**DATA FOR THE TASK:**

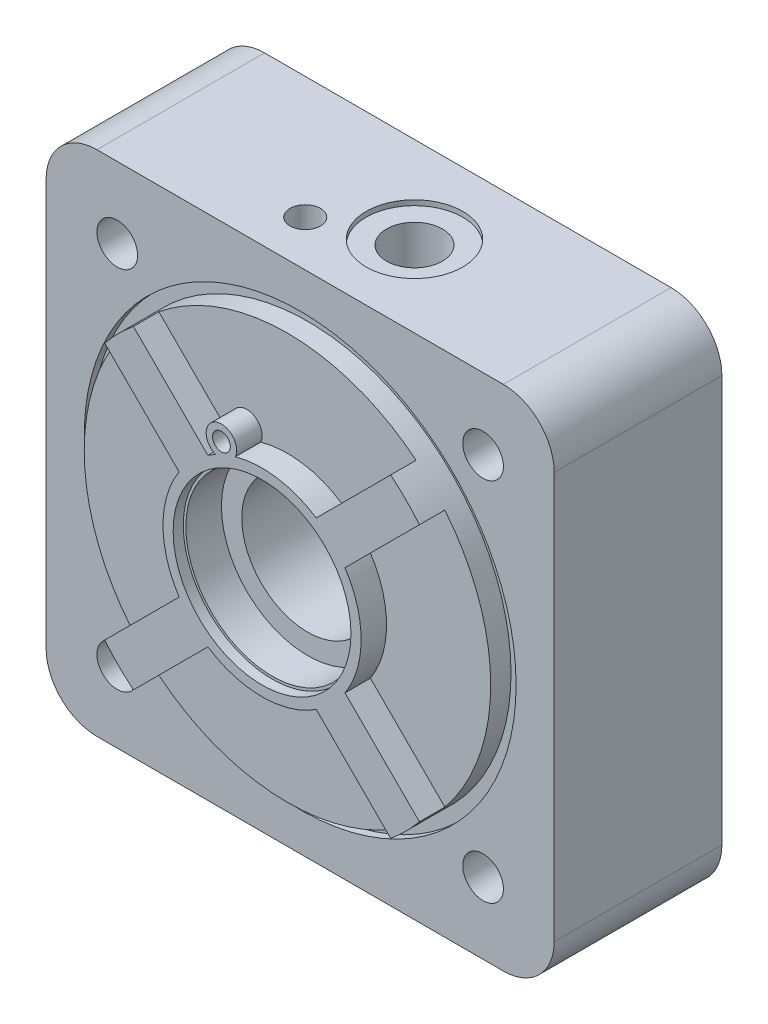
from build123d import *
from build123d.topology import SkipClean

# Parameters (mm, degrees)
BASE_EXTRUSION_DEPTH      = 1
BASE_EXTRUSION_DEPTH_BACK = 32
ESQUISSE2_R               = 20
BOSS_EXTRU_1_DEPTH        = 4
ESQUISSE3_R               = 6.5
ENL_V_MAT_EXTRU_1_DEPTH   = 31
ESQUISSE4_R               = 4
ENL_V_MAT_EXTRU_2_DEPTH   = 81.654238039
ESQUISSE7_R               = 42.5
ENL_V_MAT_EXTRU_3_DEPTH   = 1.5
ESQUISSE8_R               = 40
BOSS_EXTRU_2_DEPTH        = 4
ESQUISSE9_R               = 17
BOSS_EXTRU_3_DEPTH        = 5
ESQUISSE10_R              = 13
ENL_V_MAT_EXTRU_4_DEPTH   = 29
ENL_V_START               = -6
ESQUISSE12_R              = 20
ENL_V_MAT_EXTRU_7_DEPTH   = 6
ESQUISSE16_R              = 9.5
ENL_V_MAT_EXTRU_8_DEPTH   = 1
ESQUISSE17_R              = 5.5
ENL_V_MAT_EXTRU_9_DEPTH   = 35
ESQUISSE18_R              = 3
ENL_V_MAT_EXTRU_10_DEPTH  = 7
ESQUISSE19_R              = 1.75
ENL_V_MAT_EXTRU_11_DEPTH  = 7
ESQUISSE21_R              = 1.75
ENL_V_MAT_EXTRU_13_DEPTH  = 20
ESQUISSE20_R              = 0.75
ENL_V_MAT_EXTRU_12_DEPTH  = 15
ESQUISSE22_R              = 17.5
ENL_V_MAT_EXTRU_14_DEPTH  = 2
ENL_V_START_2             = -4
ESQUISSE23_R              = 17
ENL_V_MAT_EXTRU_15_DEPTH  = 4


with BuildPart() as part:
    # Esquisse1 → Base-Extrusion (new, two sides: drawn at the far end of the back side and taken through both)
    with BuildSketch(Plane.XY.offset(-BASE_EXTRUSION_DEPTH_BACK)):
        with BuildLine():
            Line((-50, 40), (-50, -40))
            ThreePointArc((-50, -40), (-47.071067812, -47.071067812), (-40, -50))
            Line((-40, -50), (40, -50))
            ThreePointArc((40, -50), (47.071067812, -47.071067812), (50, -40))
            Line((50, -40), (50, 40))
            ThreePointArc((50, 40), (47.071067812, 47.071067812), (40, 50))
            Line((40, 50), (-40, 50))
            ThreePointArc((-40, 50), (-47.071067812, 47.071067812), (-50, 40))
        make_face()
    extrude(amount=BASE_EXTRUSION_DEPTH + BASE_EXTRUSION_DEPTH_BACK)

    # Esquisse2 → Boss.-Extru.1 (add)
    with BuildSketch(Plane(origin=(0, 0, -32), x_dir=(-1, 0, 0), z_dir=(0, 0, -1))):
        Circle(ESQUISSE2_R)
    extrude(amount=BOSS_EXTRU_1_DEPTH)

    # Esquisse3 → Enl_v. mat.-Extru.1 (cut)
    with BuildSketch(Plane(origin=(-0.323821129, 5.504958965, -36), x_dir=(-1, 0, 0), z_dir=(0, 0, -1))):
        with Locations((35.676178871, 30.495041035)):
            Circle(ESQUISSE3_R)
        with Locations((-36.323821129, 30.495041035)):
            Circle(ESQUISSE3_R)
        with Locations((-36.323821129, -41.504958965)):
            Circle(ESQUISSE3_R)
        with Locations((35.676178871, -41.504958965)):
            Circle(ESQUISSE3_R)
    extrude(amount=-ENL_V_MAT_EXTRU_1_DEPTH, mode=Mode.SUBTRACT)

    # Esquisse4 → Enl_v. mat.-Extru.2 (cut, through all)
    with BuildSketch(Plane(origin=(-0.675961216, -0.675961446, -36), x_dir=(-1, 0, 0), z_dir=(0, 0, -1))):
        with Locations((35.324038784, 36.675961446)):
            Circle(ESQUISSE4_R)
        with Locations((-36.675961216, 36.675961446)):
            Circle(ESQUISSE4_R)
        with Locations((-36.675961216, -35.324038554)):
            Circle(ESQUISSE4_R)
        with Locations((35.324038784, -35.324038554)):
            Circle(ESQUISSE4_R)
    extrude(amount=-ENL_V_MAT_EXTRU_2_DEPTH, mode=Mode.SUBTRACT)

    # Esquisse7 → Enl_v. mat.-Extru.3 (cut)
    with BuildSketch(Plane.XY.offset(1)):
        Circle(ESQUISSE7_R)
    extrude(amount=-ENL_V_MAT_EXTRU_3_DEPTH, mode=Mode.SUBTRACT)

    # Esquisse8 → Boss.-Extru.2 (add)
    with BuildSketch(Plane.XY.offset(-0.5)):
        with Locations(Location((0, 0, 0), (0, 0, 140.739170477))):
            Circle(ESQUISSE8_R)
    extrude(amount=BOSS_EXTRU_2_DEPTH)

    # Esquisse9 → Boss.-Extru.3 (add)
    with SkipClean():  # the faces are left unmerged after this step: merging them gives an invalid solid
        with BuildSketch(Plane.XY.offset(3.5)):
            with BuildLine():
                Line((-10.666942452, -16.323796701), (-25.314067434, -30.970921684))
                ThreePointArc((-25.314067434, -30.970921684), (-28.284271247, -28.284271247), (-30.970921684, -25.314067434))
                Line((-30.970921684, -25.314067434), (-16.323796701, -10.666942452))
                ThreePointArc((-16.323796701, -10.666942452), (-19.5, 0), (-16.323796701, 10.666942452))
                Line((-16.323796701, 10.666942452), (-30.970921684, 25.314067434))
                ThreePointArc((-30.970921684, 25.314067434), (-28.284271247, 28.284271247), (-25.314067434, 30.970921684))
                Line((-25.314067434, 30.970921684), (-10.666942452, 16.323796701))
                ThreePointArc((-10.666942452, 16.323796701), (-9.913849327, 16.791831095), (-9.140258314, 17.225146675))
                ThreePointArc((-9.140258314, 17.225146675), (-9.114172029, 22.785430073), (-5.260603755, 18.777008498))
                ThreePointArc((-5.260603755, 18.777008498), (-2.655026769, 19.318406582), (0, 19.5))
                ThreePointArc((0, 19.5), (5.564888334, 18.689088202), (10.666942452, 16.323796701))
                Line((10.666942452, 16.323796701), (25.314067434, 30.970921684))
                ThreePointArc((25.314067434, 30.970921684), (28.284271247, 28.284271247), (30.970921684, 25.314067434))
                Line((30.970921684, 25.314067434), (16.323796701, 10.666942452))
                ThreePointArc((16.323796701, 10.666942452), (19.5, 0), (16.323796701, -10.666942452))
                Line((16.323796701, -10.666942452), (30.970921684, -25.314067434))
                ThreePointArc((30.970921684, -25.314067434), (28.284271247, -28.284271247), (25.314067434, -30.970921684))
                Line((25.314067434, -30.970921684), (10.666942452, -16.323796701))
                ThreePointArc((10.666942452, -16.323796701), (0, -19.5), (-10.666942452, -16.323796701))
            make_face()
            Circle(ESQUISSE9_R, mode=Mode.SUBTRACT)
        extrude(amount=BOSS_EXTRU_3_DEPTH)

    # Esquisse10 → Enl_v. mat.-Extru.4 (cut)
    with SkipClean():  # the faces are left unmerged after this step: merging them gives an invalid solid
        with BuildSketch(Plane.XY.offset(3.5)):
            Circle(ESQUISSE10_R)
        extrude(amount=-ENL_V_MAT_EXTRU_4_DEPTH, mode=Mode.SUBTRACT)

    # Esquisse12 → Enl_v. mat.-Extru.7 (cut)
    with SkipClean():  # the faces are left unmerged after this step: merging them gives an invalid solid
        with BuildSketch(Plane(origin=(-0.135192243, -0.135192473, -36), x_dir=(-1, 0, 0), z_dir=(0, 0, -1)).offset(ENL_V_START)):
            with BuildLine():
                Line((24.864807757, 32.135192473), (24.864807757, 38.135192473))
                ThreePointArc((24.864807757, 38.135192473), (24.279021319, 39.549406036), (22.864807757, 40.135192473))
                Line((22.864807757, 40.135192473), (-23.135192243, 40.135192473))
                ThreePointArc((-23.135192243, 40.135192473), (-24.549405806, 39.549406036), (-25.135192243, 38.135192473))
                Line((-25.135192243, 38.135192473), (-25.135192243, 32.135192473))
                ThreePointArc((-25.135192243, 32.135192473), (-27.185444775, 27.185445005), (-32.135192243, 25.135192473))
                Line((-32.135192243, 25.135192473), (-38.135192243, 25.135192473))
                ThreePointArc((-38.135192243, 25.135192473), (-39.549405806, 24.549406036), (-40.135192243, 23.135192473))
                Line((-40.135192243, 23.135192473), (-40.135192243, -22.864807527))
                ThreePointArc((-40.135192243, -22.864807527), (-39.549405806, -24.279021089), (-38.135192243, -24.864807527))
                Line((-38.135192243, -24.864807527), (-32.135192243, -24.864807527))
                ThreePointArc((-32.135192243, -24.864807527), (-27.185444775, -26.915060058), (-25.135192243, -31.864807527))
                Line((-25.135192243, -31.864807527), (-25.135192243, -37.864807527))
                ThreePointArc((-25.135192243, -37.864807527), (-24.549405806, -39.279021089), (-23.135192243, -39.864807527))
                Line((-23.135192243, -39.864807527), (22.864807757, -39.864807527))
                ThreePointArc((22.864807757, -39.864807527), (24.279021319, -39.279021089), (24.864807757, -37.864807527))
                Line((24.864807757, -37.864807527), (24.864807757, -31.864807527))
                ThreePointArc((24.864807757, -31.864807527), (26.915060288, -26.915060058), (31.864807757, -24.864807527))
                Line((31.864807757, -24.864807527), (37.864807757, -24.864807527))
                ThreePointArc((37.864807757, -24.864807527), (39.279021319, -24.279021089), (39.864807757, -22.864807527))
                Line((39.864807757, -22.864807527), (39.864807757, 23.135192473))
                ThreePointArc((39.864807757, 23.135192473), (39.279021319, 24.549406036), (37.864807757, 25.135192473))
                Line((37.864807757, 25.135192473), (31.864807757, 25.135192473))
                ThreePointArc((31.864807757, 25.135192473), (26.915060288, 27.185445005), (24.864807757, 32.135192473))
            make_face()
            with Locations((-0.135192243, 0.135192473)):
                Circle(ESQUISSE12_R, mode=Mode.SUBTRACT)
        extrude(amount=ENL_V_MAT_EXTRU_7_DEPTH, mode=Mode.SUBTRACT)

    # Esquisse16 → Enl_v. mat.-Extru.8 (cut)
    with SkipClean():  # the faces are left unmerged after this step: merging them gives an invalid solid
        with BuildSketch(Plane(origin=(0, 50, 0), x_dir=(-1, 0, 0), z_dir=(0, 1, 0))):
            with Locations(Location((-6.5, -15, 0), (0, 0, 90))):
                Circle(ESQUISSE16_R)
        extrude(amount=-ENL_V_MAT_EXTRU_8_DEPTH, mode=Mode.SUBTRACT)

    # Esquisse17 → Enl_v. mat.-Extru.9 (cut)
    with SkipClean():  # the faces are left unmerged after this step: merging them gives an invalid solid
        with BuildSketch(Plane(origin=(0, 49, 0), x_dir=(-1, 0, 0), z_dir=(0, 1, 0))):
            with Locations(Location((-6.5, -15, 0), (0, 0, 90))):
                Circle(ESQUISSE17_R)
        extrude(amount=-ENL_V_MAT_EXTRU_9_DEPTH, mode=Mode.SUBTRACT)

    # Esquisse18 → Enl_v. mat.-Extru.10 (cut)
    with SkipClean():  # the faces are left unmerged after this step: merging them gives an invalid solid
        with BuildSketch(Plane(origin=(0, 50, 0), x_dir=(-1, 0, 0), z_dir=(0, 1, 0))):
            with Locations(Location((8, -8, 0), (0, 0, 90))):
                Circle(ESQUISSE18_R)
        extrude(amount=-ENL_V_MAT_EXTRU_10_DEPTH, mode=Mode.SUBTRACT)

    # Esquisse19 → Enl_v. mat.-Extru.11 (cut)
    with SkipClean():  # the faces are left unmerged after this step: merging them gives an invalid solid
        with BuildSketch(Plane(origin=(0, 43, 0), x_dir=(-1, 0, 0), z_dir=(0, 1, 0))):
            with Locations(Location((8, -8, 0), (0, 0, 90))):
                Circle(ESQUISSE19_R)
        extrude(amount=-ENL_V_MAT_EXTRU_11_DEPTH, mode=Mode.SUBTRACT)

    # Esquisse21 → Enl_v. mat.-Extru.13 (cut)
    with SkipClean():  # the faces are left unmerged after this step: merging them gives an invalid solid
        with BuildSketch(Plane.XY.offset(8.5)):
            with Locations((-8, 20)):
                Circle(ESQUISSE21_R)
        extrude(amount=-ENL_V_MAT_EXTRU_13_DEPTH, mode=Mode.SUBTRACT)

    # Esquisse20 → Enl_v. mat.-Extru.12 (cut)
    with SkipClean():  # the faces are left unmerged after this step: merging them gives an invalid solid
        with BuildSketch(Plane(origin=(0, 36, 0), x_dir=(-1, 0, 0), z_dir=(0, 1, 0))):
            with Locations(Location((8, -8, 0), (0, 0, 90))):
                Circle(ESQUISSE20_R)
        extrude(amount=-ENL_V_MAT_EXTRU_12_DEPTH, mode=Mode.SUBTRACT)

    # Esquisse22 → Enl_v. mat.-Extru.14 (cut)
    with SkipClean():  # the faces are left unmerged after this step: merging them gives an invalid solid
        with BuildSketch(Plane.XY.offset(8.5)):
            Circle(ESQUISSE22_R)
        extrude(amount=-ENL_V_MAT_EXTRU_14_DEPTH, mode=Mode.SUBTRACT)

    # Esquisse23 → Enl_v. mat.-Extru.15 (cut)
    with SkipClean():  # the faces are left unmerged after this step: merging them gives an invalid solid
        with BuildSketch(Plane.XY.offset(3.5).offset(ENL_V_START_2)):
            Circle(ESQUISSE23_R)
        extrude(amount=ENL_V_MAT_EXTRU_15_DEPTH, mode=Mode.SUBTRACT)


solid = part.part

**ACTION ITEM:**
From the listing above, return every line that carries the string "import".

**RESULT FOR THIS TASK:**
from build123d import *
from build123d.topology import SkipClean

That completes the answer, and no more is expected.